**Work instruction:** Go line by line through the listing below and copy those that hold "TopPaste".

::::

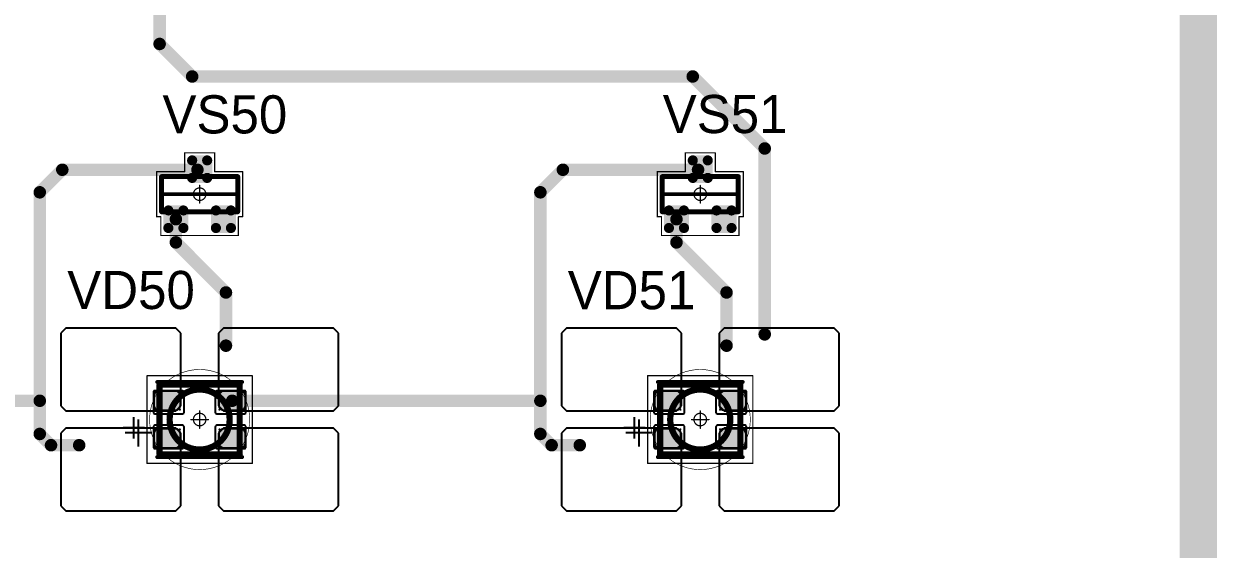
# Model space of a CAD drawing. Header units: millimetres. Extents: x 0 to 400, y 0 to 511.
# Drawn here: x 72.98 to 120.65, y 336.33 to 357.3 of the extents above; entities that cross this region are included whole.
import ezdxf

# ---------------------------------------------------------------- set-up
doc = ezdxf.new("R2010")
doc.units = ezdxf.units.MM
for name, color, linetype in [('Mechanical13', 56, 'Continuous'), ('Mechanical15', 56, 'Continuous'), ('Mechanical2', 216, 'Continuous'), ('TopLayer', 1, 'Continuous'), ('TopOverlay', 2, 'Continuous'), ('TopPaste', 8, 'Continuous'), ('TopSolder', 216, 'Continuous')]:
    doc.layers.add(name, color=color, linetype=linetype)

# ---------------------------------------------------------------- blocks, each defined once
blk = doc.blocks.new('SOT23_546')
at = {"layer": 'Mechanical13', "const_width": 0.2}
for points in [[(-0.7, 1.52), (0.7, 1.52)], [(-0.7, 1.52), (-0.7, -1.52)], [(0.7, 1.52), (0.7, -1.52)], [(-0.7, -1.52), (0.7, -1.52)]]:
    blk.add_lwpolyline(points, dxfattribs=at)
at = {"layer": 'Mechanical13', "const_width": 0.1}
for points in [[(-0.75, 1.52, 1), (-0.65, 1.52, 1)], [(-0.75, 1.52, 1), (-0.65, 1.52, 1)], [(0.65, 1.52, 1), (0.75, 1.52, 1)], [(0.65, 1.52, 1), (0.75, 1.52, 1)], [(-0.75, -1.52, 1), (-0.65, -1.52, 1)], [(-0.75, -1.52, 1), (-0.65, -1.52, 1)], [(0.65, -1.52, 1), (0.75, -1.52, 1)], [(0.65, -1.52, 1), (0.75, -1.52, 1)]]:
    blk.add_lwpolyline(points, format="xyb", close=True, dxfattribs=at)
at = {"layer": 'Mechanical15', "const_width": 0.05}
for points in [[(-1.65, 1.55), (-1.65, -1.55)], [(-1.65, 1.55), (-0.9, 1.55)], [(-0.9, 1.72), (-0.9, 1.55)], [(-0.9, 1.72), (0.9, 1.72)], [(0.9, 1.72), (0.9, 0.6)], [(0.9, 0.6), (1.65, 0.6)], [(1.65, 0.6), (1.65, -0.6)], [(-0.35, 0), (0.35, 0)], [(0, 0.35), (0, -0.35)], [(0.9, -0.6), (1.65, -0.6)], [(0.9, -0.6), (0.9, -1.72)], [(-1.65, -1.55), (-0.9, -1.55)], [(-0.9, -1.55), (-0.9, -1.72)], [(-0.9, -1.72), (0.9, -1.72)]]:
    blk.add_lwpolyline(points, dxfattribs=at)
at = {"layer": 'Mechanical15'}
for points, const_width in [([(-1.662, 1.55, 1), (-1.637, 1.55, 1)], 0.025), ([(-1.662, 1.55, 1), (-1.637, 1.55, 1)], 0.025), ([(-0.913, 1.72, 1), (-0.888, 1.72, 1)], 0.025), ([(-0.913, 1.72, 1), (-0.888, 1.72, 1)], 0.025), ([(-0.913, 1.55, 1), (-0.888, 1.55, 1)], 0.025), ([(-0.913, 1.55, 1), (-0.888, 1.55, 1)], 0.025), ([(0.888, 1.72, 1), (0.913, 1.72, 1)], 0.025), ([(0.888, 1.72, 1), (0.913, 1.72, 1)], 0.025), ([(0.888, 0.6, 1), (0.913, 0.6, 1)], 0.025), ([(0.888, 0.6, 1), (0.913, 0.6, 1)], 0.025), ([(1.637, 0.6, 1), (1.662, 0.6, 1)], 0.025), ([(1.637, 0.6, 1), (1.662, 0.6, 1)], 0.025), ([(-0.362, 0, 1), (-0.337, 0, 1)], 0.025), ([(0.25, 0, 1), (-0.25, 0, 1)], 0.05), ([(-0.262, 0, 1), (-0.238, 0, 1)], 0.025), ([(-0.012, 0.35, 1), (0.012, 0.35, 1)], 0.025), ([(0.238, 0, 1), (0.262, 0, 1)], 0.025), ([(0.337, 0, 1), (0.362, 0, 1)], 0.025), ([(-0.012, -0.35, 1), (0.012, -0.35, 1)], 0.025), ([(0.888, -0.6, 1), (0.913, -0.6, 1)], 0.025), ([(0.888, -0.6, 1), (0.913, -0.6, 1)], 0.025), ([(1.637, -0.6, 1), (1.662, -0.6, 1)], 0.025), ([(1.637, -0.6, 1), (1.662, -0.6, 1)], 0.025), ([(-1.662, -1.55, 1), (-1.637, -1.55, 1)], 0.025), ([(-1.662, -1.55, 1), (-1.637, -1.55, 1)], 0.025), ([(-0.913, -1.55, 1), (-0.888, -1.55, 1)], 0.025), ([(-0.913, -1.55, 1), (-0.888, -1.55, 1)], 0.025), ([(-0.913, -1.72, 1), (-0.888, -1.72, 1)], 0.025), ([(-0.913, -1.72, 1), (-0.888, -1.72, 1)], 0.025), ([(0.888, -1.72, 1), (0.913, -1.72, 1)], 0.025), ([(0.888, -1.72, 1), (0.913, -1.72, 1)], 0.025)]:
    blk.add_lwpolyline(points, format="xyb", close=True, dxfattribs=dict(at, const_width=const_width))
at = {"layer": 'TopLayer', "const_width": 0.1}
for points in [[(-1.4, 1.25, 1), (-1.3, 1.25, 1)], [(-0.7, 1.25, 1), (-0.6, 1.25, 1)], [(-1.4, 0.65, 1), (-1.3, 0.65, 1)], [(-0.7, 0.65, 1), (-0.6, 0.65, 1)], [(0.6, 0.3, 1), (0.7, 0.3, 1)], [(1.3, 0.3, 1), (1.4, 0.3, 1)], [(0.6, -0.3, 1), (0.7, -0.3, 1)], [(1.3, -0.3, 1), (1.4, -0.3, 1)], [(-1.4, -0.65, 1), (-1.3, -0.65, 1)], [(-0.7, -0.65, 1), (-0.6, -0.65, 1)], [(-1.4, -1.25, 1), (-1.3, -1.25, 1)], [(-0.7, -1.25, 1), (-0.6, -1.25, 1)]]:
    blk.add_lwpolyline(points, format="xyb", close=True, dxfattribs=at)
at = {"layer": 'TopLayer'}
for points in [[(-1.45, 1.25), (-1.45, 0.65), (-0.55, 1.25), (-0.55, 0.65)], [(-1.35, 1.35), (-1.35, 0.55), (-0.65, 1.35), (-0.65, 0.55)], [(0.55, 0.3), (0.55, -0.3), (1.45, 0.3), (1.45, -0.3)], [(0.65, 0.4), (0.65, -0.4), (1.35, 0.4), (1.35, -0.4)], [(-1.45, -0.65), (-1.45, -1.25), (-0.55, -0.65), (-0.55, -1.25)], [(-1.35, -0.55), (-1.35, -1.35), (-0.65, -0.55), (-0.65, -1.35)]]:
    blk.add_solid(points, dxfattribs=at)
at = {"layer": 'TopOverlay', "const_width": 0.15}
blk.add_lwpolyline([(0, 1.5), (0, -1.5)], dxfattribs=at)
at = {"layer": 'TopOverlay', "const_width": 0.075}
for points in [[(-0.038, 1.5, 1), (0.038, 1.5, 1)], [(-0.038, -1.5, 1), (0.038, -1.5, 1)]]:
    blk.add_lwpolyline(points, format="xyb", close=True, dxfattribs=at)
at = {"layer": 'TopPaste', "const_width": 0.075}
for points in [[(-1.387, 1.25, 1), (-1.313, 1.25, 1)], [(-0.687, 1.25, 1), (-0.613, 1.25, 1)], [(-1.387, 0.65, 1), (-1.313, 0.65, 1)], [(-0.687, 0.65, 1), (-0.613, 0.65, 1)], [(0.613, 0.3, 1), (0.687, 0.3, 1)], [(1.313, 0.3, 1), (1.387, 0.3, 1)], [(0.613, -0.3, 1), (0.687, -0.3, 1)], [(1.313, -0.3, 1), (1.387, -0.3, 1)], [(-1.387, -0.65, 1), (-1.313, -0.65, 1)], [(-0.687, -0.65, 1), (-0.613, -0.65, 1)], [(-1.387, -1.25, 1), (-1.313, -1.25, 1)], [(-0.687, -1.25, 1), (-0.613, -1.25, 1)]]:
    blk.add_lwpolyline(points, format="xyb", close=True, dxfattribs=at)
at = {"layer": 'TopPaste'}
for points in [[(-1.425, 1.25), (-1.425, 0.65), (-0.575, 1.25), (-0.575, 0.65)], [(-1.35, 1.325), (-1.35, 0.575), (-0.65, 1.325), (-0.65, 0.575)], [(0.575, 0.3), (0.575, -0.3), (1.425, 0.3), (1.425, -0.3)], [(0.65, 0.375), (0.65, -0.375), (1.35, 0.375), (1.35, -0.375)], [(-1.425, -0.65), (-1.425, -1.25), (-0.575, -0.65), (-0.575, -1.25)], [(-1.35, -0.575), (-1.35, -1.325), (-0.65, -0.575), (-0.65, -1.325)]]:
    blk.add_solid(points, dxfattribs=at)
at = {"layer": 'TopSolder', "const_width": 0.202}
for points in [[(-1.451, 1.25, 1), (-1.249, 1.25, 1)], [(-0.751, 1.25, 1), (-0.549, 1.25, 1)], [(-1.451, 0.65, 1), (-1.249, 0.65, 1)], [(-0.751, 0.65, 1), (-0.549, 0.65, 1)], [(0.549, 0.3, 1), (0.751, 0.3, 1)], [(1.249, 0.3, 1), (1.451, 0.3, 1)], [(-1.451, -0.65, 1), (-1.249, -0.65, 1)], [(-0.751, -0.65, 1), (-0.549, -0.65, 1)], [(0.549, -0.3, 1), (0.751, -0.3, 1)], [(1.249, -0.3, 1), (1.451, -0.3, 1)], [(-1.451, -1.25, 1), (-1.249, -1.25, 1)], [(-0.751, -1.25, 1), (-0.549, -1.25, 1)]]:
    blk.add_lwpolyline(points, format="xyb", close=True, dxfattribs=at)
at = {"layer": 'TopSolder'}
for points in [[(-1.35, 1.452), (-1.35, 0.448), (-0.65, 1.452), (-0.65, 0.448)], [(-1.552, 1.25), (-1.552, 0.65), (-0.448, 1.25), (-0.448, 0.65)], [(0.65, 0.502), (0.65, -0.502), (1.35, 0.502), (1.35, -0.502)], [(0.448, 0.3), (0.448, -0.3), (1.552, 0.3), (1.552, -0.3)], [(-1.35, -0.448), (-1.35, -1.452), (-0.65, -0.448), (-0.65, -1.452)], [(-1.552, -0.65), (-1.552, -1.25), (-0.448, -0.65), (-0.448, -1.25)]]:
    blk.add_solid(points, dxfattribs=at)
blk = doc.blocks.new('SOT23_547')
at = {"layer": 'Mechanical13', "const_width": 0.2}
for points in [[(-0.7, 1.52), (0.7, 1.52)], [(-0.7, 1.52), (-0.7, -1.52)], [(0.7, 1.52), (0.7, -1.52)], [(-0.7, -1.52), (0.7, -1.52)]]:
    blk.add_lwpolyline(points, dxfattribs=at)
at = {"layer": 'Mechanical13', "const_width": 0.1}
for points in [[(-0.75, 1.52, 1), (-0.65, 1.52, 1)], [(-0.75, 1.52, 1), (-0.65, 1.52, 1)], [(0.65, 1.52, 1), (0.75, 1.52, 1)], [(0.65, 1.52, 1), (0.75, 1.52, 1)], [(-0.75, -1.52, 1), (-0.65, -1.52, 1)], [(-0.75, -1.52, 1), (-0.65, -1.52, 1)], [(0.65, -1.52, 1), (0.75, -1.52, 1)], [(0.65, -1.52, 1), (0.75, -1.52, 1)]]:
    blk.add_lwpolyline(points, format="xyb", close=True, dxfattribs=at)
at = {"layer": 'Mechanical15', "const_width": 0.05}
for points in [[(-1.65, 1.55), (-1.65, -1.55)], [(-1.65, 1.55), (-0.9, 1.55)], [(-0.9, 1.72), (-0.9, 1.55)], [(-0.9, 1.72), (0.9, 1.72)], [(0.9, 1.72), (0.9, 0.6)], [(0.9, 0.6), (1.65, 0.6)], [(1.65, 0.6), (1.65, -0.6)], [(-0.35, 0), (0.35, 0)], [(0, 0.35), (0, -0.35)], [(0.9, -0.6), (1.65, -0.6)], [(0.9, -0.6), (0.9, -1.72)], [(-1.65, -1.55), (-0.9, -1.55)], [(-0.9, -1.55), (-0.9, -1.72)], [(-0.9, -1.72), (0.9, -1.72)]]:
    blk.add_lwpolyline(points, dxfattribs=at)
at = {"layer": 'Mechanical15'}
for points, const_width in [([(-1.662, 1.55, 1), (-1.637, 1.55, 1)], 0.025), ([(-1.662, 1.55, 1), (-1.637, 1.55, 1)], 0.025), ([(-0.913, 1.72, 1), (-0.888, 1.72, 1)], 0.025), ([(-0.913, 1.72, 1), (-0.888, 1.72, 1)], 0.025), ([(-0.913, 1.55, 1), (-0.888, 1.55, 1)], 0.025), ([(-0.913, 1.55, 1), (-0.888, 1.55, 1)], 0.025), ([(0.888, 1.72, 1), (0.913, 1.72, 1)], 0.025), ([(0.888, 1.72, 1), (0.913, 1.72, 1)], 0.025), ([(0.888, 0.6, 1), (0.913, 0.6, 1)], 0.025), ([(0.888, 0.6, 1), (0.913, 0.6, 1)], 0.025), ([(1.637, 0.6, 1), (1.662, 0.6, 1)], 0.025), ([(1.637, 0.6, 1), (1.662, 0.6, 1)], 0.025), ([(-0.362, 0, 1), (-0.337, 0, 1)], 0.025), ([(0.25, 0, 1), (-0.25, 0, 1)], 0.05), ([(-0.262, 0, 1), (-0.238, 0, 1)], 0.025), ([(-0.012, 0.35, 1), (0.012, 0.35, 1)], 0.025), ([(0.238, 0, 1), (0.262, 0, 1)], 0.025), ([(0.337, 0, 1), (0.362, 0, 1)], 0.025), ([(-0.012, -0.35, 1), (0.012, -0.35, 1)], 0.025), ([(0.888, -0.6, 1), (0.913, -0.6, 1)], 0.025), ([(0.888, -0.6, 1), (0.913, -0.6, 1)], 0.025), ([(1.637, -0.6, 1), (1.662, -0.6, 1)], 0.025), ([(1.637, -0.6, 1), (1.662, -0.6, 1)], 0.025), ([(-1.662, -1.55, 1), (-1.637, -1.55, 1)], 0.025), ([(-1.662, -1.55, 1), (-1.637, -1.55, 1)], 0.025), ([(-0.913, -1.55, 1), (-0.888, -1.55, 1)], 0.025), ([(-0.913, -1.55, 1), (-0.888, -1.55, 1)], 0.025), ([(-0.913, -1.72, 1), (-0.888, -1.72, 1)], 0.025), ([(-0.913, -1.72, 1), (-0.888, -1.72, 1)], 0.025), ([(0.888, -1.72, 1), (0.913, -1.72, 1)], 0.025), ([(0.888, -1.72, 1), (0.913, -1.72, 1)], 0.025)]:
    blk.add_lwpolyline(points, format="xyb", close=True, dxfattribs=dict(at, const_width=const_width))
at = {"layer": 'TopLayer', "const_width": 0.1}
for points in [[(-1.4, 1.25, 1), (-1.3, 1.25, 1)], [(-0.7, 1.25, 1), (-0.6, 1.25, 1)], [(-1.4, 0.65, 1), (-1.3, 0.65, 1)], [(-0.7, 0.65, 1), (-0.6, 0.65, 1)], [(0.6, 0.3, 1), (0.7, 0.3, 1)], [(1.3, 0.3, 1), (1.4, 0.3, 1)], [(0.6, -0.3, 1), (0.7, -0.3, 1)], [(1.3, -0.3, 1), (1.4, -0.3, 1)], [(-1.4, -0.65, 1), (-1.3, -0.65, 1)], [(-0.7, -0.65, 1), (-0.6, -0.65, 1)], [(-1.4, -1.25, 1), (-1.3, -1.25, 1)], [(-0.7, -1.25, 1), (-0.6, -1.25, 1)]]:
    blk.add_lwpolyline(points, format="xyb", close=True, dxfattribs=at)
at = {"layer": 'TopLayer'}
for points in [[(-1.45, 1.25), (-1.45, 0.65), (-0.55, 1.25), (-0.55, 0.65)], [(-1.35, 1.35), (-1.35, 0.55), (-0.65, 1.35), (-0.65, 0.55)], [(0.55, 0.3), (0.55, -0.3), (1.45, 0.3), (1.45, -0.3)], [(0.65, 0.4), (0.65, -0.4), (1.35, 0.4), (1.35, -0.4)], [(-1.45, -0.65), (-1.45, -1.25), (-0.55, -0.65), (-0.55, -1.25)], [(-1.35, -0.55), (-1.35, -1.35), (-0.65, -0.55), (-0.65, -1.35)]]:
    blk.add_solid(points, dxfattribs=at)
at = {"layer": 'TopOverlay', "const_width": 0.15}
blk.add_lwpolyline([(0, 1.5), (0, -1.5)], dxfattribs=at)
at = {"layer": 'TopOverlay', "const_width": 0.075}
for points in [[(-0.038, 1.5, 1), (0.038, 1.5, 1)], [(-0.038, -1.5, 1), (0.038, -1.5, 1)]]:
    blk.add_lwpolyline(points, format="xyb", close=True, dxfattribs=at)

::::

**Your solution:**
for name, color, linetype in [('Mechanical13', 56, 'Continuous'), ('Mechanical15', 56, 'Continuous'), ('Mechanical2', 216, 'Continuous'), ('TopLayer', 1, 'Continuous'), ('TopOverlay', 2, 'Continuous'), ('TopPaste', 8, 'Continuous'), ('TopSolder', 216, 'Continuous')]:
at = {"layer": 'TopPaste', "const_width": 0.075}
at = {"layer": 'TopPaste'}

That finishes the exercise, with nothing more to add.